Scohui the Slowpoke said:


> ...It's a he!?


YES!! He is not an _It_ as you say.


----------



## Scohui (Nov 30, 2011)

He's a he sounds stupid to me.


----------



## Zexion (Nov 30, 2011)

NO!


----------



## Scohui (Nov 30, 2011)

Whatever...


----------



## Zexion (Nov 30, 2011)

i like marilyn manson as a singer less than Papa Roach.

_Drop the S because I am an AINT_ is marilyn manson


----------



## Teh Ebil Snorlax (Dec 5, 2011)

Um, this should probably be in Entertainment, yeah, and I'm guessing different people have different problems with Marilyn Manson for different reasons. I'm a fan myself but I think trying to find a single reason why everybody who dislikes Marilyn Manson dislikes him is kind of silly.


----------



## Ulqi-chan (Dec 5, 2011)

Marilyn Manson is epic awesome sauce. The Beautiful People? Sweet Dreams? This is the New Shit? If I Was Your Vampire? 
Love them all because it's _good music. _
I just don't understand why everyone else thinks he's a fag that looks gay and sings horribly and delivers a horrible message. :/


----------



## Teh Ebil Snorlax (Dec 5, 2011)

Ulqi-chan said:


> Marilyn Manson is epic awesome sauce. The Beautiful People? Sweet Dreams? This is the New Shit? If I Was Your Vampire?
> Love them all because it's _good music. _
> I just don't understand why everyone else thinks he's a fag that looks gay and sings horribly and delivers a horrible message. :/


See that's silly. Everyone who dislikes Marilyn Manson doesn't think all those things. You're being silly. _Silly_.


----------



## Tarvos (Dec 7, 2011)

Marilyn Manson sucks because his music is a rip-off of other people's. (David Bowie wants his sound back).

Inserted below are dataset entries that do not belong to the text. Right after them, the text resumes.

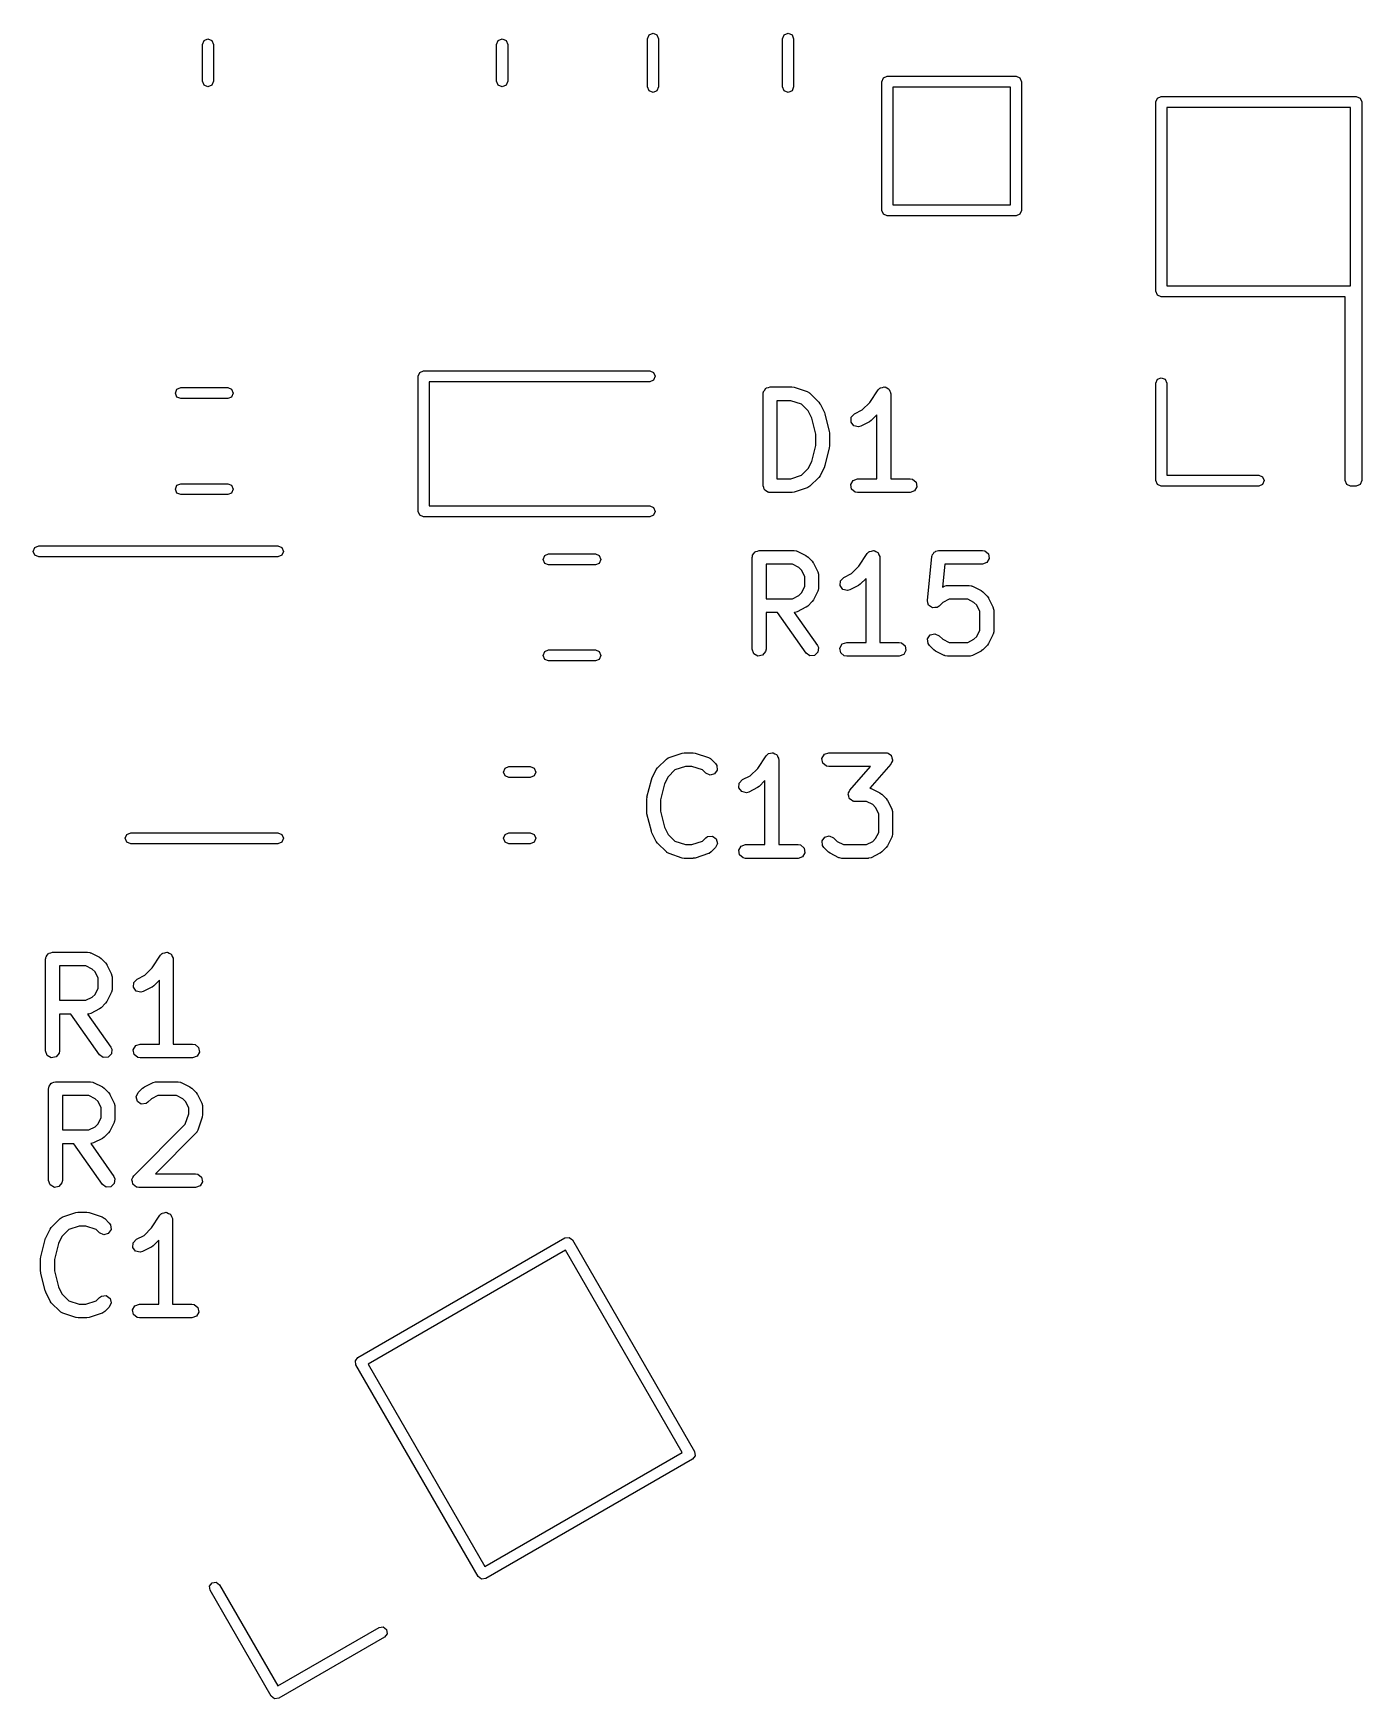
# Model space of a CAD drawing. Extents: x 127.8 to 166.1, y -113.3 to -80.1.
# Drawn here: x 151.67 to 166.12, y -113.31 to -95.19 of the extents above; entities that cross this region are included whole.
import ezdxf

# ---------------------------------------------------------------- set-up
doc = ezdxf.new("R2010")
doc.units = 0
doc.layers.add('BLACK', color=7, linetype='CONTINUOUS')

msp = doc.modelspace()

# ---------------------------------------------------------------- linework, layer by layer
at = {"layer": 'BLACK', "linetype": 'CONTINUOUS'}
for p, q in [((153.51, -95.3143), (153.528, -95.2719)), ((153.528, -95.2719), (153.57, -95.2543)), ((153.57, -95.2543), (153.612, -95.2719)), ((153.612, -95.2719), (153.63, -95.3143)), ((156.71, -95.3143), (156.728, -95.2719)), ((156.728, -95.2719), (156.77, -95.2543)), ((156.77, -95.2543), (156.812, -95.2719)), ((156.812, -95.2719), (156.83, -95.3143)), ((158.351, -95.253), (158.368, -95.2106)), ((158.351, -95.7755), (158.351, -95.253)), ((158.368, -95.2106), (158.411, -95.193)), ((158.411, -95.193), (158.453, -95.2106)), ((158.453, -95.2106), (158.471, -95.253)), ((158.471, -95.253), (158.471, -95.7755)), ((159.821, -95.253), (159.838, -95.2106)), ((159.821, -95.7755), (159.821, -95.253)), ((159.838, -95.2106), (159.881, -95.193)), ((159.881, -95.193), (159.923, -95.2106)), ((159.923, -95.2106), (159.941, -95.253)), ((159.941, -95.253), (159.941, -95.7755)), ((153.51, -95.7143), (153.51, -95.3143)), ((153.63, -95.3143), (153.63, -95.7143)), ((156.71, -95.7143), (156.71, -95.3143)), ((156.83, -95.3143), (156.83, -95.7143)), ((160.918, -95.6776), (160.96, -95.66)), ((160.96, -95.66), (162.36, -95.66)), ((162.36, -95.66), (162.402, -95.6776)), ((153.528, -95.7567), (153.51, -95.7143)), ((153.57, -95.7743), (153.528, -95.7567)), ((153.612, -95.7567), (153.57, -95.7743)), ((153.63, -95.7143), (153.612, -95.7567)), ((156.728, -95.7567), (156.71, -95.7143)), ((156.77, -95.7743), (156.728, -95.7567)), ((156.812, -95.7567), (156.77, -95.7743)), ((156.83, -95.7143), (156.812, -95.7567)), ((158.368, -95.818), (158.351, -95.7755)), ((158.411, -95.8355), (158.368, -95.818)), ((158.453, -95.818), (158.411, -95.8355)), ((158.471, -95.7755), (158.453, -95.818)), ((159.838, -95.818), (159.821, -95.7755)), ((159.881, -95.8355), (159.838, -95.818)), ((159.923, -95.818), (159.881, -95.8355)), ((159.941, -95.7755), (159.923, -95.818)), ((160.9, -95.72), (160.918, -95.6776)), ((160.9, -97.12), (160.9, -95.72)), ((161.02, -95.78), (161.02, -97.06)), ((162.3, -95.78), (161.02, -95.78)), ((162.3, -97.06), (162.3, -95.78)), ((162.402, -95.6776), (162.42, -95.72)), ((162.42, -95.72), (162.42, -97.12)), ((163.88, -95.94), (163.898, -95.8976)), ((163.88, -98), (163.88, -95.94)), ((163.898, -95.8976), (163.94, -95.88)), ((163.94, -95.88), (166.06, -95.88)), ((164, -96), (164, -97.94)), ((166, -96), (164, -96)), ((166, -97.94), (166, -96)), ((166.06, -95.88), (166.102, -95.8976)), ((166.102, -95.8976), (166.12, -95.94)), ((166.12, -95.94), (166.12, -100.06)), ((161.02, -97.06), (162.3, -97.06)), ((160.918, -97.1624), (160.9, -97.12)), ((160.96, -97.18), (160.918, -97.1624)), ((162.36, -97.18), (160.96, -97.18)), ((162.402, -97.1624), (162.36, -97.18)), ((162.42, -97.12), (162.402, -97.1624)), ((163.898, -98.0424), (163.88, -98)), ((164, -97.94), (166, -97.94)), ((163.94, -98.06), (163.898, -98.0424)), ((165.94, -98.06), (163.94, -98.06)), ((165.94, -100.06), (165.94, -98.06)), ((155.855, -98.925), (155.873, -98.8826)), ((155.855, -100.395), (155.855, -98.925)), ((155.873, -98.8826), (155.915, -98.865)), ((155.915, -98.865), (158.375, -98.865)), ((158.375, -98.865), (158.417, -98.8826)), ((158.417, -98.8826), (158.435, -98.925)), ((158.435, -98.925), (158.417, -98.9674)), ((153.215, -99.1075), (153.233, -99.0651)), ((153.233, -99.1499), (153.215, -99.1075)), ((153.233, -99.0651), (153.275, -99.0475)), ((153.275, -99.0475), (153.785, -99.0475)), ((153.785, -99.0475), (153.827, -99.0651)), ((153.827, -99.0651), (153.845, -99.1075)), ((153.845, -99.1075), (153.827, -99.1499)), ((158.375, -98.985), (155.975, -98.985)), ((155.975, -98.985), (155.975, -100.335)), ((158.417, -98.9674), (158.375, -98.985)), ((159.609, -99.1148), (159.611, -99.1051)), ((159.611, -99.1018), (159.612, -99.0989)), ((159.611, -99.1051), (159.611, -99.1018)), ((159.612, -99.0989), (159.614, -99.0892)), ((159.614, -99.0892), (159.626, -99.0742)), ((159.626, -99.0742), (159.636, -99.0574)), ((159.636, -99.0574), (159.643, -99.0551)), ((159.643, -99.0551), (159.647, -99.0499)), ((159.647, -99.0499), (159.666, -99.0465)), ((159.666, -99.0465), (159.684, -99.0398)), ((159.684, -99.0398), (159.922, -99.0398)), ((159.922, -99.0398), (159.945, -99.0437)), ((159.945, -99.0437), (159.946, -99.0437)), ((159.946, -99.0437), (160.089, -99.0913)), ((160.089, -99.0913), (160.112, -99.1037)), ((160.112, -99.1037), (160.114, -99.1075)), ((160.114, -99.1075), (160.118, -99.1094)), ((160.118, -99.1094), (160.214, -99.2046)), ((160.769, -99.2099), (160.86, -99.0732)), ((160.86, -99.0732), (160.878, -99.0544)), ((160.878, -99.0544), (160.882, -99.0532)), ((160.882, -99.0532), (160.885, -99.0499)), ((160.885, -99.0499), (160.906, -99.0461)), ((160.906, -99.0461), (160.927, -99.04)), ((160.927, -99.04), (160.931, -99.0417)), ((160.931, -99.0417), (160.936, -99.041)), ((160.936, -99.041), (160.954, -99.0518)), ((160.954, -99.0518), (160.974, -99.0606)), ((160.974, -99.0606), (160.976, -99.0645)), ((160.976, -99.0645), (160.98, -99.0666)), ((160.98, -99.0666), (160.987, -99.0871)), ((160.987, -99.0871), (160.997, -99.1066)), ((160.997, -99.1066), (160.996, -99.1108)), ((160.996, -99.1108), (160.998, -99.1148)), ((163.88, -99), (163.898, -98.9576)), ((163.88, -100.06), (163.88, -99)), ((163.898, -98.9576), (163.94, -98.94)), ((163.94, -98.94), (163.982, -98.9576)), ((163.982, -98.9576), (164, -99)), ((164, -99), (164, -100)), ((153.275, -99.1675), (153.233, -99.1499)), ((153.785, -99.1675), (153.275, -99.1675)), ((153.827, -99.1499), (153.785, -99.1675)), ((159.609, -100.115), (159.609, -99.1148)), ((159.91, -99.1898), (159.759, -99.1898)), ((159.759, -99.1898), (159.759, -100.04)), ((160.025, -99.228), (159.91, -99.1898)), ((160.099, -99.3021), (160.025, -99.228)), ((160.214, -99.2046), (160.226, -99.223)), ((160.226, -99.223), (160.228, -99.2241)), ((160.228, -99.2241), (160.275, -99.3194)), ((160.603, -99.3335), (160.688, -99.2913)), ((160.688, -99.2913), (160.769, -99.2099)), ((160.998, -99.1148), (160.998, -100.04)), ((160.137, -99.3791), (160.099, -99.3021)), ((160.181, -99.5526), (160.137, -99.3791)), ((160.275, -99.3194), (160.279, -99.3318)), ((160.279, -99.3318), (160.281, -99.3347)), ((160.281, -99.3347), (160.329, -99.5252)), ((160.565, -99.4219), (160.568, -99.3707)), ((160.595, -99.4631), (160.565, -99.4219)), ((160.568, -99.3707), (160.603, -99.3335)), ((160.645, -99.475), (160.595, -99.4631)), ((160.67, -99.4676), (160.645, -99.475)), ((160.766, -99.42), (160.67, -99.4676)), ((160.767, -99.4188), (160.766, -99.42)), ((160.785, -99.4059), (160.767, -99.4188)), ((160.847, -99.3435), (160.785, -99.4059)), ((160.847, -100.04), (160.847, -99.3435)), ((160.181, -99.677), (160.181, -99.5526)), ((160.329, -99.5252), (160.33, -99.5401)), ((160.33, -99.5401), (160.331, -99.5434)), ((160.331, -99.5434), (160.331, -99.6862)), ((160.137, -99.8505), (160.181, -99.677)), ((160.329, -99.7044), (160.281, -99.8949)), ((160.331, -99.6862), (160.328, -99.701)), ((160.328, -99.701), (160.329, -99.7044)), ((159.91, -100.04), (160.025, -100.002)), ((160.025, -100.002), (160.099, -99.9275)), ((160.099, -99.9275), (160.137, -99.8505)), ((160.228, -100.006), (160.214, -100.024)), ((160.275, -99.9103), (160.228, -100.006)), ((160.276, -99.9067), (160.275, -99.9103)), ((160.281, -99.8949), (160.276, -99.9067)), ((164, -100), (165, -100)), ((165, -100), (165.042, -100.018)), ((153.215, -100.152), (153.233, -100.11)), ((153.233, -100.195), (153.215, -100.152)), ((153.233, -100.11), (153.275, -100.093)), ((153.275, -100.212), (153.233, -100.195)), ((153.275, -100.093), (153.785, -100.093)), ((153.785, -100.093), (153.827, -100.11)), ((153.827, -100.195), (153.785, -100.212)), ((153.827, -100.11), (153.845, -100.152)), ((153.845, -100.152), (153.827, -100.195)), ((159.616, -100.133), (159.609, -100.115)), ((159.619, -100.152), (159.616, -100.133)), ((159.625, -100.157), (159.619, -100.152)), ((159.627, -100.163), (159.625, -100.157)), ((159.644, -100.173), (159.627, -100.163)), ((159.659, -100.185), (159.644, -100.173)), ((159.668, -100.187), (159.659, -100.185)), ((159.671, -100.189), (159.668, -100.187)), ((159.675, -100.188), (159.671, -100.189)), ((159.684, -100.19), (159.675, -100.188)), ((159.922, -100.19), (159.684, -100.19)), ((159.759, -100.04), (159.91, -100.04)), ((159.924, -100.189), (159.922, -100.19)), ((159.946, -100.186), (159.924, -100.189)), ((160.089, -100.138), (159.946, -100.186)), ((160.093, -100.136), (160.089, -100.138)), ((160.097, -100.135), (160.093, -100.136)), ((160.118, -100.12), (160.097, -100.135)), ((160.214, -100.025), (160.118, -100.12)), ((160.214, -100.024), (160.214, -100.025)), ((160.563, -100.102), (160.589, -100.057)), ((160.572, -100.152), (160.563, -100.102)), ((160.611, -100.185), (160.572, -100.152)), ((160.589, -100.057), (160.637, -100.04)), ((160.637, -100.19), (160.611, -100.185)), ((160.637, -100.04), (160.847, -100.04)), ((161.208, -100.19), (160.637, -100.19)), ((160.998, -100.04), (161.208, -100.04)), ((161.208, -100.04), (161.234, -100.044)), ((161.256, -100.172), (161.208, -100.19)), ((161.234, -100.044), (161.273, -100.077)), ((161.282, -100.128), (161.256, -100.172)), ((161.273, -100.077), (161.282, -100.128)), ((163.898, -100.102), (163.88, -100.06)), ((163.94, -100.12), (163.898, -100.102)), ((165, -100.12), (163.94, -100.12)), ((165.042, -100.102), (165, -100.12)), ((165.042, -100.018), (165.06, -100.06)), ((165.06, -100.06), (165.042, -100.102)), ((165.958, -100.102), (165.94, -100.06)), ((166, -100.12), (165.958, -100.102)), ((166.06, -100.12), (166, -100.12)), ((166.102, -100.102), (166.06, -100.12)), ((166.12, -100.06), (166.102, -100.102)), ((153.785, -100.212), (153.275, -100.212)), ((155.975, -100.335), (158.375, -100.335)), ((158.375, -100.335), (158.417, -100.353)), ((158.417, -100.353), (158.435, -100.395)), ((155.873, -100.437), (155.855, -100.395)), ((155.915, -100.455), (155.873, -100.437)), ((158.375, -100.455), (155.915, -100.455)), ((158.417, -100.437), (158.375, -100.455)), ((158.435, -100.395), (158.417, -100.437)), ((151.67, -100.83), (151.688, -100.788)), ((151.688, -100.872), (151.67, -100.83)), ((151.688, -100.788), (151.73, -100.77)), ((151.73, -100.89), (151.688, -100.872)), ((151.73, -100.77), (153.53, -100.77)), ((153.53, -100.89), (151.73, -100.89)), ((153.53, -100.77), (154.33, -100.77)), ((154.33, -100.89), (153.53, -100.89)), ((154.33, -100.77), (154.372, -100.788)), ((154.372, -100.872), (154.33, -100.89)), ((154.372, -100.788), (154.39, -100.83)), ((154.39, -100.83), (154.372, -100.872)), ((157.215, -100.917), (157.233, -100.875)), ((157.233, -100.96), (157.215, -100.917)), ((157.233, -100.875), (157.275, -100.858)), ((157.275, -100.858), (157.785, -100.858)), ((157.785, -100.858), (157.827, -100.875)), ((157.827, -100.875), (157.845, -100.917)), ((157.845, -100.917), (157.827, -100.96)), ((159.491, -100.895), (159.492, -100.885)), ((159.491, -101.895), (159.491, -100.895)), ((159.492, -100.882), (159.494, -100.879)), ((159.492, -100.885), (159.492, -100.882)), ((159.494, -100.879), (159.495, -100.869)), ((159.495, -100.869), (159.508, -100.854)), ((159.508, -100.854), (159.518, -100.837)), ((159.518, -100.837), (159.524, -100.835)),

I never cared for the person so I don't give a flaming shit. Ugly though.


----------



## Teh Ebil Snorlax (Dec 8, 2011)

Tarvos said:


> Marilyn Manson sucks because his music is a rip-off of other people's. (David Bowie wants his sound back).
> 
> I never cared for the person so I don't give a flaming shit. Ugly though.


Not disagreeing that Marilyn Manson is highly derivative but kinda confus at the idea that either Marilyn Manson or David Bowie has a single set sound.


----------



## Tarvos (Dec 8, 2011)

It's very simple. He stole David's old shtick, and mixed it with electronic elements. Although Bowie did experiment with it in the 90s. But, really, Marilyn Manson is a poor man's David Bowie. It's rocking in the same way with the same androgynous stuff, except David Bowie did shocking better.


----------



## Teh Ebil Snorlax (Dec 10, 2011)

Tarvos said:


> It's very simple. He stole David's old shtick, and mixed it with electronic elements. Although Bowie did experiment with it in the 90s. But, really, Marilyn Manson is a poor man's David Bowie. It's rocking in the same way with the same androgynous stuff, except David Bowie did shocking better.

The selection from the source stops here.